> _Data items_:
━━━━━━━━━━━━━━━━━━━━

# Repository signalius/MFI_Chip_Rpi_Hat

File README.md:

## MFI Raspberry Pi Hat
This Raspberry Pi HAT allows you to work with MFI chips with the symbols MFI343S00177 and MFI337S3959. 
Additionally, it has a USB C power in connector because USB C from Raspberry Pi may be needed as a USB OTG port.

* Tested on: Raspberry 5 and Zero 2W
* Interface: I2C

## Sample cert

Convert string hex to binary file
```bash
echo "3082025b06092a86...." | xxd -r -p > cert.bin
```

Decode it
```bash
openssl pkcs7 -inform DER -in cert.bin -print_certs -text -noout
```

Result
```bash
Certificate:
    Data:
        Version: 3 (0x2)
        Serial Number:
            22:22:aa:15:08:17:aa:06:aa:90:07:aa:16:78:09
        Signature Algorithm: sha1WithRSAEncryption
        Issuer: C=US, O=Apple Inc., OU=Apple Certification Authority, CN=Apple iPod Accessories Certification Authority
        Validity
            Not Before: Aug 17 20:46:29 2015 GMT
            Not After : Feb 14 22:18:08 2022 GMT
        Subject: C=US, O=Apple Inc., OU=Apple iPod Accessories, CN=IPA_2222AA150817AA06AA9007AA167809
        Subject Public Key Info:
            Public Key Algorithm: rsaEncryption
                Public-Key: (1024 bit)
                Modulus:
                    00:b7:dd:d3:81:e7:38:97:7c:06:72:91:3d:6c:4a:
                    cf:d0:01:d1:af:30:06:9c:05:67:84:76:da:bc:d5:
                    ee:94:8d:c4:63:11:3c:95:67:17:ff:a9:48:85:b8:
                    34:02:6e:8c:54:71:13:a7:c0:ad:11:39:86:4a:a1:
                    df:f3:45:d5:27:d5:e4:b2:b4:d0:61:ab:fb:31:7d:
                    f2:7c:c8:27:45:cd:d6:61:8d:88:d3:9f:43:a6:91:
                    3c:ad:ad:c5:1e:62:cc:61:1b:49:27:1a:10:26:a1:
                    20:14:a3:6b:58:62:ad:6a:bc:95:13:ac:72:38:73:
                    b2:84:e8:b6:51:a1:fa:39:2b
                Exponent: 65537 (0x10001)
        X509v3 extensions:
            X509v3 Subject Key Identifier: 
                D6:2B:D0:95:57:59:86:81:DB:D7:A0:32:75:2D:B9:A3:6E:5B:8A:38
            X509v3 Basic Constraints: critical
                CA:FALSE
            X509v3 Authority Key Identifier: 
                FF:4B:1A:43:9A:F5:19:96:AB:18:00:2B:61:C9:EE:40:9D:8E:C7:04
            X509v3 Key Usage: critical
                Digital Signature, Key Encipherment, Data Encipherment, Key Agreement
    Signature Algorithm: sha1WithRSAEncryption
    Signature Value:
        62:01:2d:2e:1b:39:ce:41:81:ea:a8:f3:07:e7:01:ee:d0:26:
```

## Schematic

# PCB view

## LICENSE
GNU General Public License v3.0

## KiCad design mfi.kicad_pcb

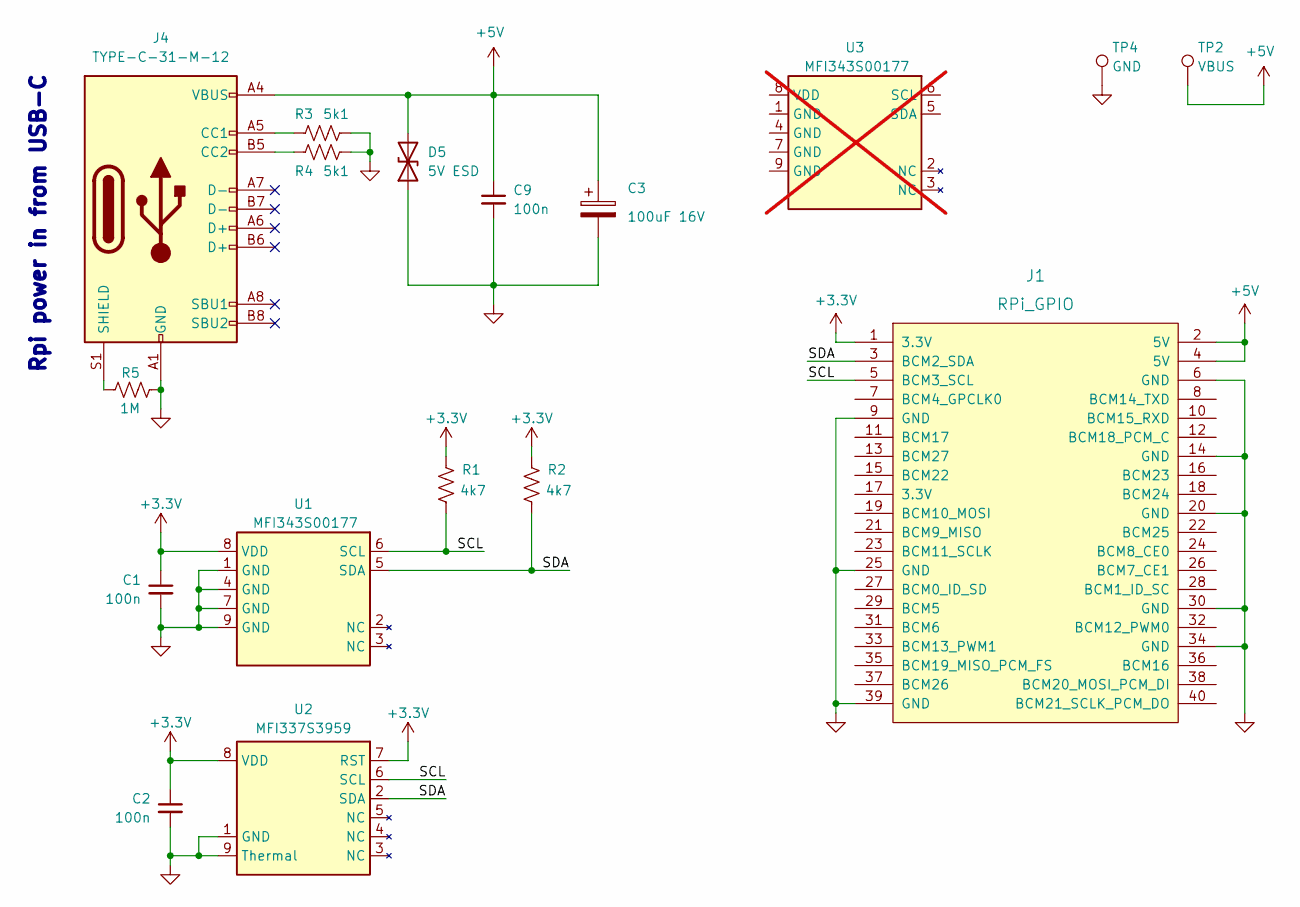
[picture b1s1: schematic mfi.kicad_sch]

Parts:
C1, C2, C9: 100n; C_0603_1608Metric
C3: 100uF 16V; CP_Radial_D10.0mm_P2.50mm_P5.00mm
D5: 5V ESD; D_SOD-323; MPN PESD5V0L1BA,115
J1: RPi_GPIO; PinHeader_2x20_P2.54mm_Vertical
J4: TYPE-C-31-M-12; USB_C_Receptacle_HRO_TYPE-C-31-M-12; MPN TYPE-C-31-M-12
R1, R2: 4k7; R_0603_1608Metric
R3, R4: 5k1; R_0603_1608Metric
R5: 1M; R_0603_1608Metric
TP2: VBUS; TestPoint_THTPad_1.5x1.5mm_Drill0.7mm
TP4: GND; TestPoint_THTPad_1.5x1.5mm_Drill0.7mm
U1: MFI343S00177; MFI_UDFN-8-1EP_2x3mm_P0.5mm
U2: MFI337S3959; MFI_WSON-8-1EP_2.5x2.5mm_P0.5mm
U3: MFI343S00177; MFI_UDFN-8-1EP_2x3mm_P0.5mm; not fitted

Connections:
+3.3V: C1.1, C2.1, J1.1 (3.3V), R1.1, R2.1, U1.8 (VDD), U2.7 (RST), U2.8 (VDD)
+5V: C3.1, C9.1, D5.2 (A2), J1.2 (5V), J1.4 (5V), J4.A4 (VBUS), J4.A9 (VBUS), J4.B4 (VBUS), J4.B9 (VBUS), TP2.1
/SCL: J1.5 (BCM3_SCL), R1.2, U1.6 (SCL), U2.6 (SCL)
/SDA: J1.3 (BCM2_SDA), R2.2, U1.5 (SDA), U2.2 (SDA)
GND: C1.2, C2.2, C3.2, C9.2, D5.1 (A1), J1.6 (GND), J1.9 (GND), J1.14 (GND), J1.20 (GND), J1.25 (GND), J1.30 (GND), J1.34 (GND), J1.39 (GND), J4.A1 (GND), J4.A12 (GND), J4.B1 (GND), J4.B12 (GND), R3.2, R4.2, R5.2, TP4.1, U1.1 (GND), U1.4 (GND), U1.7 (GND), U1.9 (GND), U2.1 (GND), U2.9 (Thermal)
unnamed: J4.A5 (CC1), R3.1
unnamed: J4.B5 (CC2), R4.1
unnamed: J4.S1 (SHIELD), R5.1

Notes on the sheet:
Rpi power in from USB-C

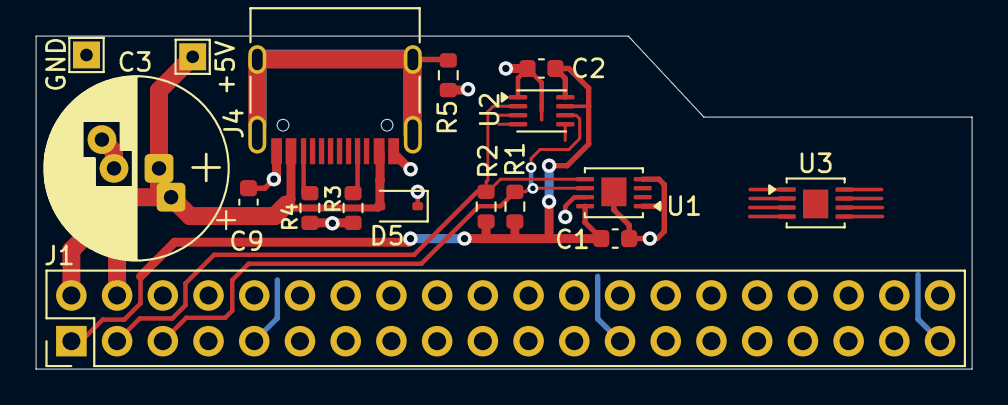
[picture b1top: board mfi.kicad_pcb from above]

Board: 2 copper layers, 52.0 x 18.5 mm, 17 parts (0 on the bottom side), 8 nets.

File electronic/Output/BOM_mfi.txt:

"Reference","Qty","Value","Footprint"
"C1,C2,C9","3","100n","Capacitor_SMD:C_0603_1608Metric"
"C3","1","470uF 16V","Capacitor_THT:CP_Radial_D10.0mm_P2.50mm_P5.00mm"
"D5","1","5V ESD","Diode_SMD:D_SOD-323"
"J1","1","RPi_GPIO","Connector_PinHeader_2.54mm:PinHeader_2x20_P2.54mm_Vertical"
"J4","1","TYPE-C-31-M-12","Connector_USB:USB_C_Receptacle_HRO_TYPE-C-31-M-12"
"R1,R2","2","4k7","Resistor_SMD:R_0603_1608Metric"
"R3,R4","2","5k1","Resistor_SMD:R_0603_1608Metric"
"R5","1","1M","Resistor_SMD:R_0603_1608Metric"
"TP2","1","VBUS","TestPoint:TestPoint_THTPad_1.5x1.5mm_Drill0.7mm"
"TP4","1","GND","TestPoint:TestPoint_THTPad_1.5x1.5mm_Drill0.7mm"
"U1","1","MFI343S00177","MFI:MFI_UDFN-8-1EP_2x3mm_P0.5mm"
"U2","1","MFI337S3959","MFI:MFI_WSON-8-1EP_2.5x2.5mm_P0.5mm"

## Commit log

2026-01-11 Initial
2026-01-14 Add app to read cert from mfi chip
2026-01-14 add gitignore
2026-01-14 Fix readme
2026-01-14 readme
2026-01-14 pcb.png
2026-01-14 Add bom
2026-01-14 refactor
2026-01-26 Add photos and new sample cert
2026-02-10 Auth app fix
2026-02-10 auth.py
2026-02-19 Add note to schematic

━━━━━━━━━━━━━━━━━━━━

Return, with no change at all, every line in the entries above from the line containing "C1, C2, C9: 100n; C_0603_1608Metric" through the line containing "(RST), U2.8 (VDD)".

C1, C2, C9: 100n; C_0603_1608Metric
C3: 100uF 16V; CP_Radial_D10.0mm_P2.50mm_P5.00mm
D5: 5V ESD; D_SOD-323; MPN PESD5V0L1BA,115
J1: RPi_GPIO; PinHeader_2x20_P2.54mm_Vertical
J4: TYPE-C-31-M-12; USB_C_Receptacle_HRO_TYPE-C-31-M-12; MPN TYPE-C-31-M-12
R1, R2: 4k7; R_0603_1608Metric
R3, R4: 5k1; R_0603_1608Metric
R5: 1M; R_0603_1608Metric
TP2: VBUS; TestPoint_THTPad_1.5x1.5mm_Drill0.7mm
TP4: GND; TestPoint_THTPad_1.5x1.5mm_Drill0.7mm
U1: MFI343S00177; MFI_UDFN-8-1EP_2x3mm_P0.5mm
U2: MFI337S3959; MFI_WSON-8-1EP_2.5x2.5mm_P0.5mm
U3: MFI343S00177; MFI_UDFN-8-1EP_2x3mm_P0.5mm; not fitted

Connections:
+3.3V: C1.1, C2.1, J1.1 (3.3V), R1.1, R2.1, U1.8 (VDD), U2.7 (RST), U2.8 (VDD)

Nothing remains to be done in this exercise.